Data items:
- - -

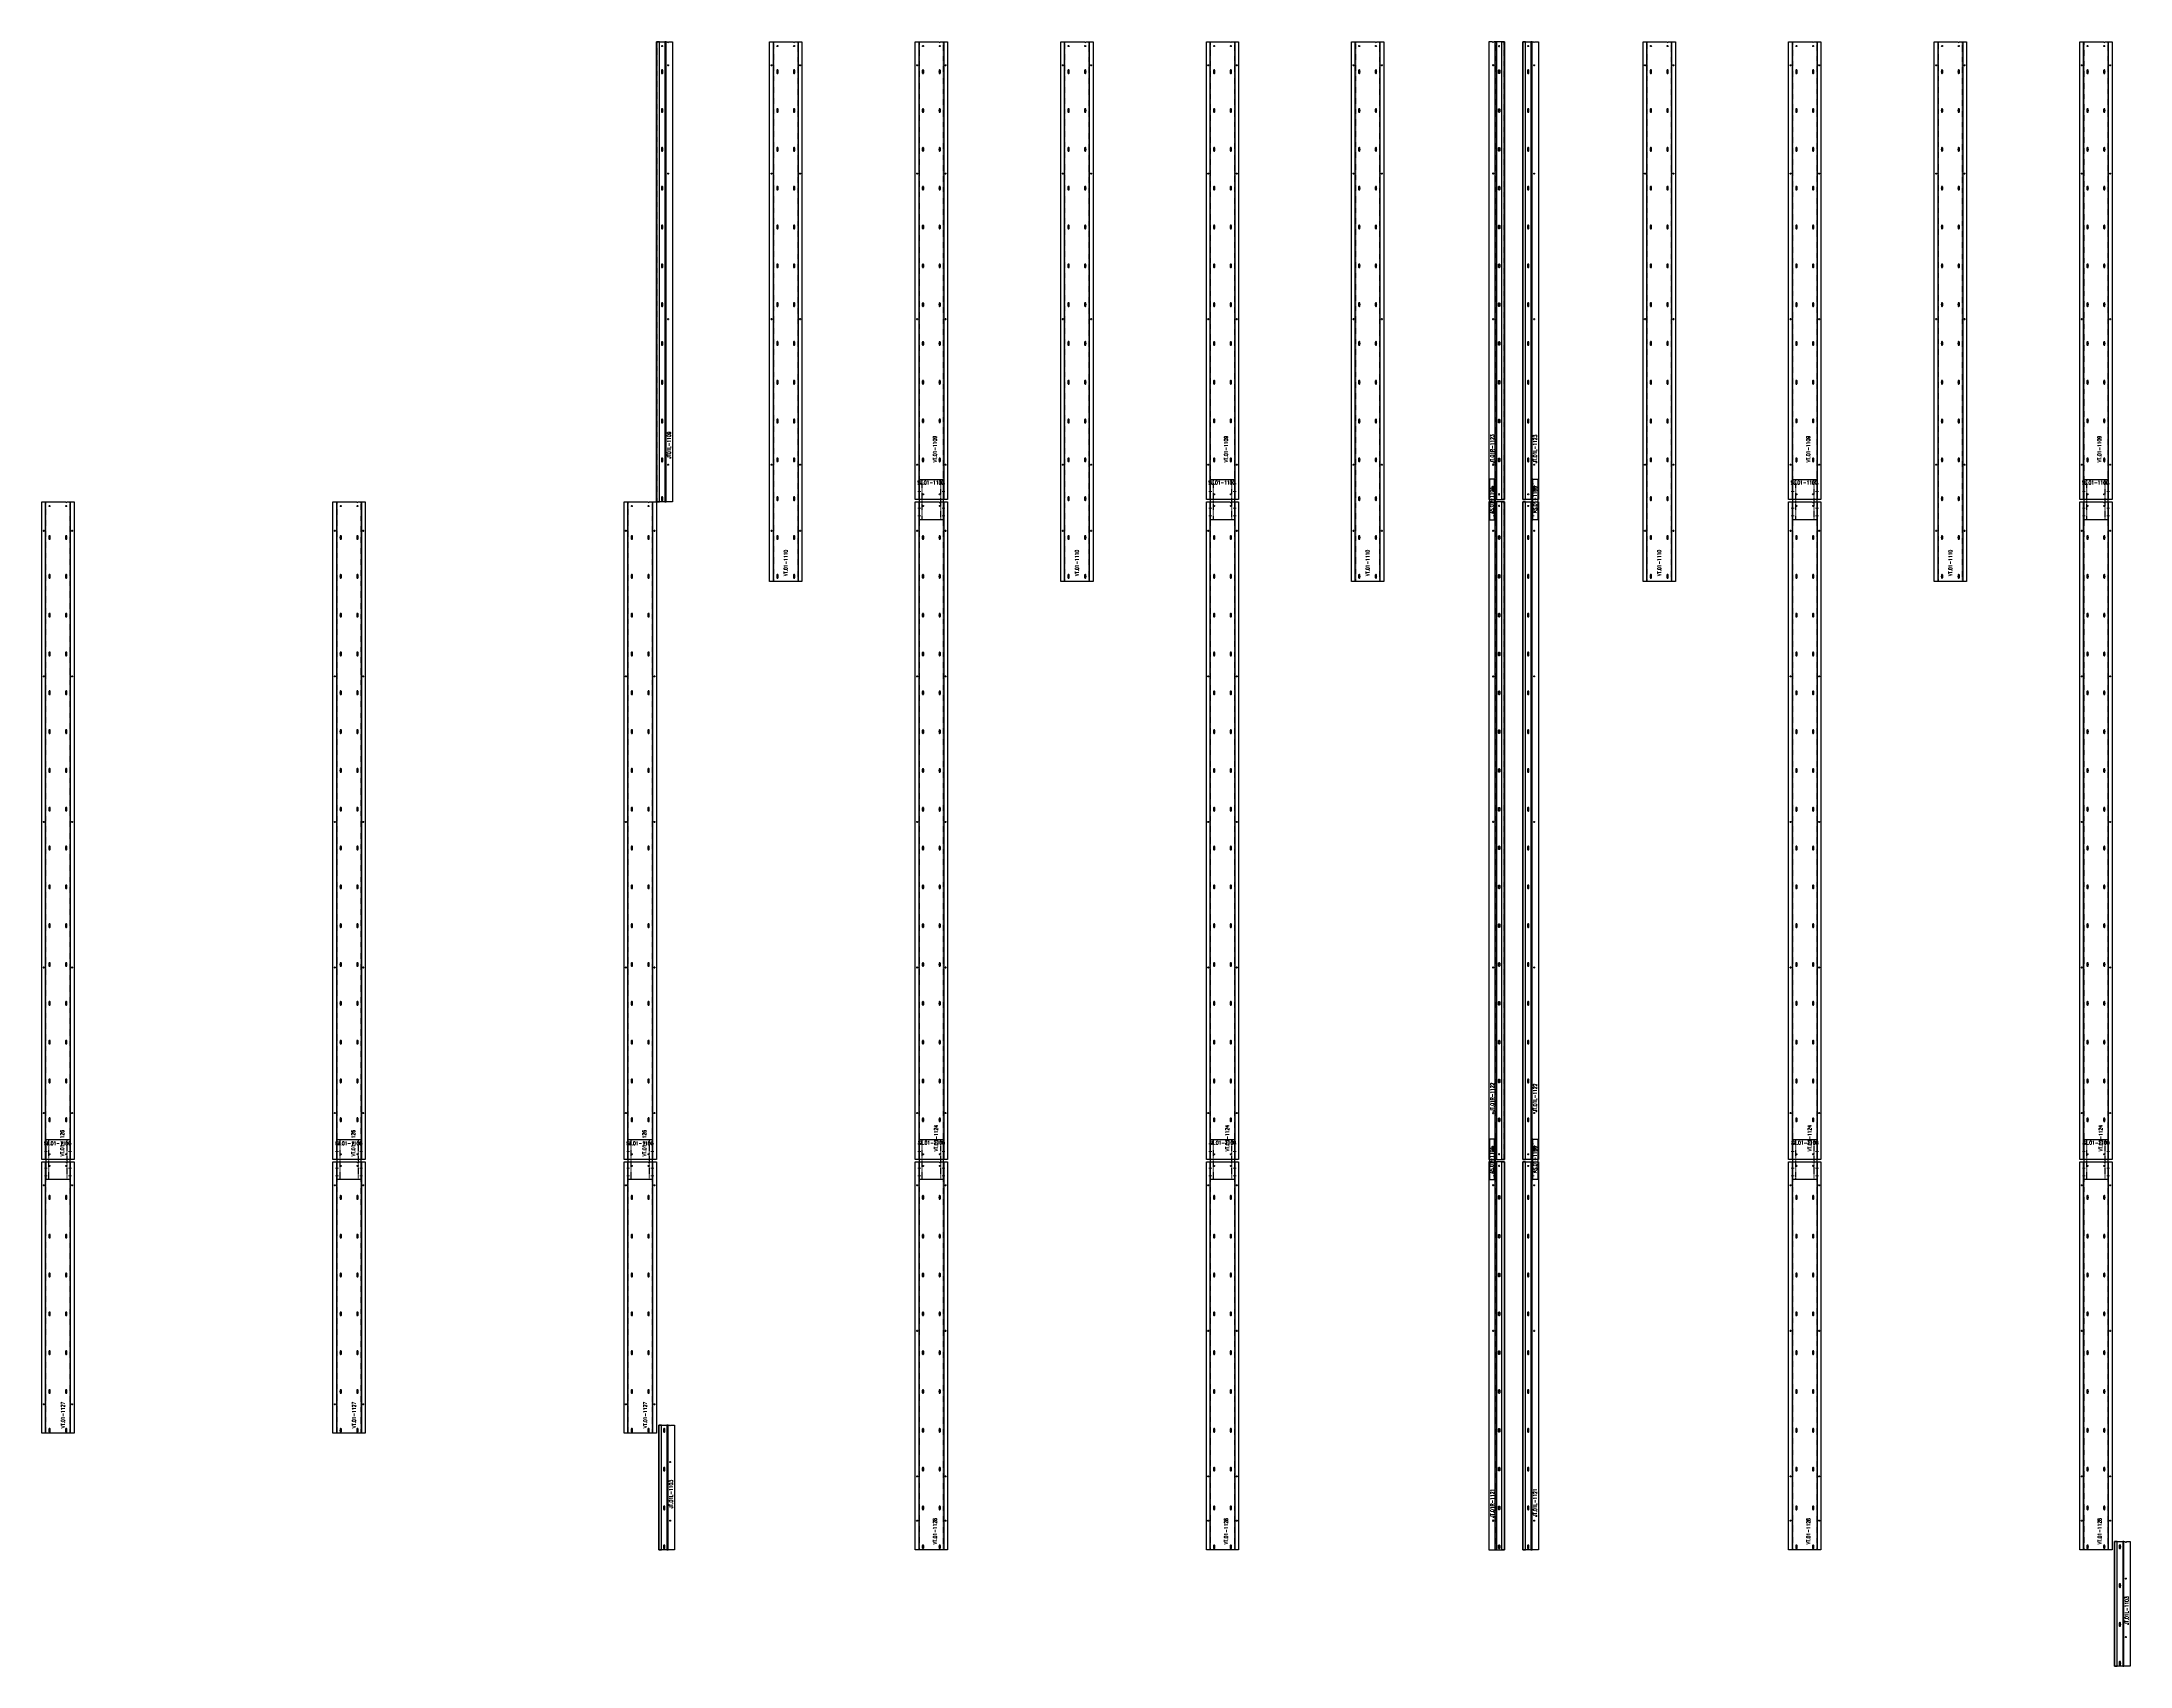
# Model space of a CAD drawing. Header units: inches. Extents: x 11737 to 18084, y -4365 to 1695.
# Drawn here: x 16711 to 17141.4, y -492.2 to -157.4 of the extents above; entities that cross this region are included whole.
import ezdxf

# ---------------------------------------------------------------- set-up
doc = ezdxf.new("R2010")
doc.units = ezdxf.units.IN
doc.header["$MEASUREMENT"] = 0
for name, pattern in [('NBK_Center', [0.541667, 0.333333, -0.0625, 0.083333, -0.0625]), ('NBK_Center2', [0.270833, 0.166667, -0.03125, 0.041667, -0.03125]), ('NBK_Hidden', [0.125, 0.083333, -0.041667]), ('NBK_Hidden2', [0.0625, 0.041667, -0.020833])]:
    doc.linetypes.add(name, pattern=pattern)
doc.layers.get('Defpoints').update_dxf_attribs({"color": 250, "lineweight": 0})
for name, color, linetype, lineweight in [('!Bracket', 11, 'Continuous', 25), ('!Clip - bent', 20, 'Continuous', 25), ('!Clip - bent @ 1', 20, 'Continuous', 25), ('!Dimension', 50, 'Continuous', 5), ('!Extrusion', 140, 'Continuous', 25), ('!Linetype_Center', 220, 'NBK_Center', 9), ('!Linetype_Center2', 222, 'NBK_Center2', 9), ('!Misc2', 252, 'NBK_Hidden2', 5)]:
    doc.layers.add(name, color=color, linetype=linetype, lineweight=lineweight)
doc.layers.add('0 @ 1', color=7, linetype='Continuous')
doc.styles.add('Romans', font='romans.shx', dxfattribs={"width": 0.8})

# ---------------------------------------------------------------- blocks, each defined once
blk = doc.blocks.new('WEEP HOLE')
at = {"layer": '!Linetype_Center'}
for p, q in [((-0.22, 0.37), (0.22, 0.37)), ((0, 0.83), (0, -0.08))]:
    blk.add_line(p, q, dxfattribs=at)
at = {"color": 0}
blk.add_lwpolyline([(-0.14, 0.61), (-0.14, 0.14, 0.414214), (0, 0, 0.414214), (0.14, 0.14), (0.14, 0.61, 0.414214), (0, 0.75, 0.414214)], format="xyb", close=True, dxfattribs=at)
blk = doc.blocks.new('TAP HOLE_5mm')
at = {"layer": '!Linetype_Center2'}
for points in [[(-0.18, 0), (0.18, 0)], [(0, 0.18), (0, -0.18)]]:
    blk.add_lwpolyline(points, dxfattribs=at)
blk.add_circle((0, 0), 0.101)
blk = doc.blocks.new('VT.01-1110-')
at = {"layer": '!Extrusion'}
blk.add_lwpolyline([(3.33, 0), (-3.33, 0), (-3.33, 111.22), (1.58, 111.22, 1), (1.86, 111.22), (3.33, 111.22)], format="xyb", close=True, dxfattribs=at)
for points in [[(-2.54, 111.22), (1.58, 111.22)], [(1.86, 111.22), (2.54, 111.22), (2.54, 0), (-2.54, 0), (-2.54, 111.22), (1.58, 111.22)], [(1.86, 111.22), (2.54, 111.22)]]:
    blk.add_lwpolyline(points, dxfattribs=at)
at = {"layer": '!Extrusion', "linetype": 'NBK_Hidden'}
blk.add_lwpolyline([(1.86, 111.22), (2.46, 111.22), (2.46, 0), (-2.46, 0), (-2.46, 111.22), (1.58, 111.22)], dxfattribs=at)
at = {"layer": '!Extrusion', "rotation": 360}
for name, p in [('TAP HOLE_5mm', (-1.72, 110.35)), ('TAP HOLE_5mm', (1.72, 110.35)), ('TAP HOLE_5mm', (-2.93, 106.38)), ('WEEP HOLE', (-1.72, 104.68)), ('WEEP HOLE', (1.72, 104.68)), ('TAP HOLE_5mm', (2.93, 106.38)), ('WEEP HOLE', (-1.72, 96.68)), ('WEEP HOLE', (1.72, 96.68)), ('WEEP HOLE', (-1.72, 88.68)), ('WEEP HOLE', (1.72, 88.68)), ('TAP HOLE_5mm', (-2.93, 84.06)), ('TAP HOLE_5mm', (2.93, 84.06)), ('WEEP HOLE', (-1.72, 80.68)), ('WEEP HOLE', (1.72, 80.68)), ('WEEP HOLE', (-1.72, 72.68)), ('WEEP HOLE', (1.72, 72.68)), ('WEEP HOLE', (-1.72, 64.68)), ('WEEP HOLE', (1.72, 64.68)), ('WEEP HOLE', (-1.72, 56.68)), ('WEEP HOLE', (1.72, 56.68)), ('TAP HOLE_5mm', (-2.93, 54.06)), ('TAP HOLE_5mm', (2.93, 54.06)), ('WEEP HOLE', (-1.72, 48.68)), ('WEEP HOLE', (1.72, 48.68)), ('WEEP HOLE', (-1.72, 40.68)), ('WEEP HOLE', (1.72, 40.68)), ('WEEP HOLE', (-1.72, 32.68)), ('WEEP HOLE', (1.72, 32.68)), ('TAP HOLE_5mm', (-2.93, 24.06)), ('WEEP HOLE', (-1.72, 24.68)), ('WEEP HOLE', (1.72, 24.68)), ('TAP HOLE_5mm', (2.93, 24.06)), ('WEEP HOLE', (-1.72, 16.68)), ('WEEP HOLE', (1.72, 16.68)), ('TAP HOLE_5mm', (-2.93, 10.43)), ('WEEP HOLE', (-1.72, 8.68)), ('WEEP HOLE', (1.72, 8.68)), ('TAP HOLE_5mm', (2.93, 10.43)), ('WEEP HOLE', (-1.72, 0.68)), ('WEEP HOLE', (1.72, 0.68))]:
    blk.add_blockref(name, p, dxfattribs=at)
at = {"layer": 'Defpoints', "color": 1, "insert": (0, 3.81), "char_height": 0.75, "width": 1.65, "attachment_point": 5, "rotation": 90, "style": 'Romans'}
blk.add_mtext('VT.01-1110', dxfattribs=at)
blk = doc.blocks.new('SECTION CLEAR HOLE 1')
at = {"layer": '!Linetype_Center2'}
blk.add_line((-0.33, 0, 0), (0.26, 0, 0), dxfattribs=at)
at = {"layer": '!Misc2'}
blk.add_lwpolyline([(-0.12, 0.1), (0, 0.1), (0, -0.1), (-0.12, -0.1)], close=True, dxfattribs=at)
blk = doc.blocks.new('SLOTTED SECTION1')
at = {"layer": '!Linetype_Center2'}
blk.add_lwpolyline([(-0.24, 0), (0.12, 0)], dxfattribs=at)
at = {"layer": '!Misc2'}
blk.add_lwpolyline([(-0.12, 0.47), (0, 0.47), (0, -0.47), (-0.12, -0.47)], close=True, dxfattribs=at)
blk = doc.blocks.new('SLOTTED HOLE 1')
at = {"layer": '!Linetype_Center'}
for p, q in [((0, 0.55), (0, -0.55)), ((-0.22, 0), (0.22, 0))]:
    blk.add_line(p, q, dxfattribs=at)
at = {"color": 0}
blk.add_lwpolyline([(-0.14, 0.33), (-0.14, -0.33, 0.414214), (0, -0.47, 0.414214), (0.14, -0.33), (0.14, 0.33, 0.414214), (0, 0.47, 0.414214)], format="xyb", close=True, dxfattribs=at)
blk = doc.blocks.new('SL.01-1101')
at = {"layer": '!Bracket'}
for points in [[(4.65, -1.3), (4.65, -0.12), (-3.67, -0.12), (-3.67, -1.3)], [(-3.67, -1.3), (-3.67, -1.18), (4.65, -1.18), (4.65, -1.3)]]:
    blk.add_lwpolyline(points, close=True, dxfattribs=at)
at = {"layer": '!Dimension', "xscale": -1, "rotation": 270}
for name, p in [('SECTION CLEAR HOLE 1', (-2.88, -1.18)), ('SECTION CLEAR HOLE 1', (-1.3, -1.18)), ('SLOTTED SECTION1', (2.15, -1.18)), ('SLOTTED SECTION1', (3.73, -1.18))]:
    blk.add_blockref(name, p, dxfattribs=at)
at = {"layer": '!Extrusion', "xscale": -1, "rotation": 270}
blk.add_blockref('TAP HOLE_5mm', (-2.09, -0.83), dxfattribs=at)
at = {"layer": '!Extrusion', "linetype": 'NBK_Hidden', "xscale": -1, "rotation": 270}
blk.add_blockref('SLOTTED HOLE 1', (2.75, -0.83), dxfattribs=at)
at = {"layer": 'Defpoints', "color": 30, "insert": (0.32, -0.6), "char_height": 0.75, "width": 1.65, "attachment_point": 5, "style": 'Romans'}
blk.add_mtext('AS.01-1101', dxfattribs=at)
blk = doc.blocks.new('JT.01R-1121-')
at = {"layer": '!Extrusion'}
blk.add_lwpolyline([(-3.25, 0), (0, 0), (0, 79.96), (-2.22, 79.96, -1), (-2.5, 79.96), (-3.25, 79.96)], format="xyb", close=True, dxfattribs=at)
for points in [[(-1.69, 79.96), (-1.69, 0), (-1.95, 0), (-1.95, 79.96)], [(-0.08, 79.96), (-0.08, 0), (0, 0), (0, 79.96), (0, 0), (-0.57, 0), (-0.57, 79.96)]]:
    blk.add_lwpolyline(points, close=True, dxfattribs=at)
at = {"layer": '!Extrusion', "linetype": 'NBK_Hidden'}
blk.add_lwpolyline([(-1.87, 79.96), (-1.87, 0), (-1.95, 0), (-1.95, 79.96)], close=True, dxfattribs=at)
at = {"layer": '!Extrusion', "xscale": -1}
for name, p in [('TAP HOLE_5mm', (-1.13, 79.12)), ('TAP HOLE_5mm', (-2.36, 75.12)), ('WEEP HOLE', (-1.13, 72.25)), ('WEEP HOLE', (-1.13, 64.25)), ('WEEP HOLE', (-1.13, 56.25)), ('WEEP HOLE', (-1.13, 48.25)), ('TAP HOLE_5mm', (-2.36, 45.12)), ('WEEP HOLE', (-1.13, 40.25)), ('WEEP HOLE', (-1.13, 32.25)), ('WEEP HOLE', (-1.13, 24.25)), ('WEEP HOLE', (-1.13, 16.25)), ('WEEP HOLE', (-1.13, 8.25)), ('TAP HOLE_5mm', (-2.36, 6)), ('WEEP HOLE', (-1.13, 0.24))]:
    blk.add_blockref(name, p, dxfattribs=at)
at = {"color": 144, "rotation": 90}
blk.add_blockref('SL.01-1101', (-3.25, 79.96), dxfattribs=at)
at = {"layer": 'Defpoints', "color": 5, "insert": (-2.54, 9.58), "char_height": 0.75, "width": 1.65, "attachment_point": 5, "rotation": 90, "style": 'Romans'}
blk.add_mtext('JT.01R-1121', dxfattribs=at)
blk = doc.blocks.new('AS.01-1100')
at = {"layer": '!Bracket'}
for points in [[(-1.3, 4.65), (-0.12, 4.65), (-0.12, -3.67), (-1.3, -3.67)], [(-1.3, -3.67), (-1.18, -3.67), (-1.18, 4.65), (-1.3, 4.65)]]:
    blk.add_lwpolyline(points, close=True, dxfattribs=at)
at = {"layer": '!Dimension'}
for name, p in [('SLOTTED SECTION1', (-1.18, 3.73)), ('SLOTTED SECTION1', (-1.18, 2.15)), ('SECTION CLEAR HOLE 1', (-1.18, -1.3)), ('SECTION CLEAR HOLE 1', (-1.18, -2.88))]:
    blk.add_blockref(name, p, dxfattribs=at)
at = {"layer": '!Extrusion', "linetype": 'NBK_Hidden'}
blk.add_blockref('SLOTTED HOLE 1', (-0.83, 2.75), dxfattribs=at)
at = {"layer": '!Extrusion', "rotation": 360}
blk.add_blockref('TAP HOLE_5mm', (-0.83, -2.09), dxfattribs=at)
at = {"layer": 'Defpoints', "color": 30, "insert": (-0.71, 0.49), "char_height": 0.75, "width": 1.65, "attachment_point": 5, "rotation": 90, "style": 'Romans'}
blk.add_mtext('AS.01-1100', dxfattribs=at)
blk = doc.blocks.new('JT.01L-1121')
at = {"layer": '!Extrusion'}
blk.add_lwpolyline([(2.22, 79.96, 1), (2.5, 79.96), (3.25, 79.96), (3.25, 0), (0, 0), (0, 79.96)], format="xyb", close=True, dxfattribs=at)
for points in [[(0, 79.96), (0, 0), (0.57, 0), (0.57, 79.96)], [(1.69, 79.96), (1.69, 0), (1.95, 0), (1.95, 79.96)]]:
    blk.add_lwpolyline(points, close=True, dxfattribs=at)
at = {"layer": '!Extrusion', "linetype": 'NBK_Hidden'}
for points in [[(0, 79.96), (0, 0), (0.08, 0), (0.08, 79.96)], [(1.87, 79.96), (1.87, 0), (1.95, 0), (1.95, 79.96)]]:
    blk.add_lwpolyline(points, close=True, dxfattribs=at)
at = {"layer": '!Dimension'}
blk.add_blockref('AS.01-1100', (3.25, 79.96), dxfattribs=at)
at = {"layer": '!Extrusion', "rotation": 360}
for name, p in [('TAP HOLE_5mm', (1.13, 79.12)), ('TAP HOLE_5mm', (2.36, 75.12)), ('WEEP HOLE', (1.13, 72.25)), ('WEEP HOLE', (1.13, 64.25)), ('TAP HOLE_5mm', (2.36, 45.12)), ('TAP HOLE_5mm', (2.36, 6))]:
    blk.add_blockref(name, p, dxfattribs=at)
at = {"layer": '!Extrusion'}
for p in [(1.13, 56.25), (1.13, 48.25), (1.13, 40.25), (1.13, 32.25), (1.13, 24.25), (1.13, 16.25), (1.13, 8.25), (1.13, 0.24)]:
    blk.add_blockref('WEEP HOLE', p, dxfattribs=at)
at = {"layer": 'Defpoints', "color": 2, "insert": (2.54, 9.7), "char_height": 0.75, "width": 1.65, "attachment_point": 5, "rotation": 90, "style": 'Romans'}
blk.add_mtext('JT.01L-1121', dxfattribs=at)
blk = doc.blocks.new('CLEAR SECTION HOLE')
at = {"layer": '!Linetype_Center2'}
blk.add_line((-0.33, 0), (0.26, 0), dxfattribs=at)
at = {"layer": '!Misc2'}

- - -

Please return the lines above that run from the line containing "doc.linetypes.add(name, pattern=pattern)" to the line containing "doc.layers.add('0 @ 1', color=7, linetype='Continuous')", inclusive, exactly and with no other lines.

    doc.linetypes.add(name, pattern=pattern)
doc.layers.get('Defpoints').update_dxf_attribs({"color": 250, "lineweight": 0})
for name, color, linetype, lineweight in [('!Bracket', 11, 'Continuous', 25), ('!Clip - bent', 20, 'Continuous', 25), ('!Clip - bent @ 1', 20, 'Continuous', 25), ('!Dimension', 50, 'Continuous', 5), ('!Extrusion', 140, 'Continuous', 25), ('!Linetype_Center', 220, 'NBK_Center', 9), ('!Linetype_Center2', 222, 'NBK_Center2', 9), ('!Misc2', 252, 'NBK_Hidden2', 5)]:
    doc.layers.add(name, color=color, linetype=linetype, lineweight=lineweight)
doc.layers.add('0 @ 1', color=7, linetype='Continuous')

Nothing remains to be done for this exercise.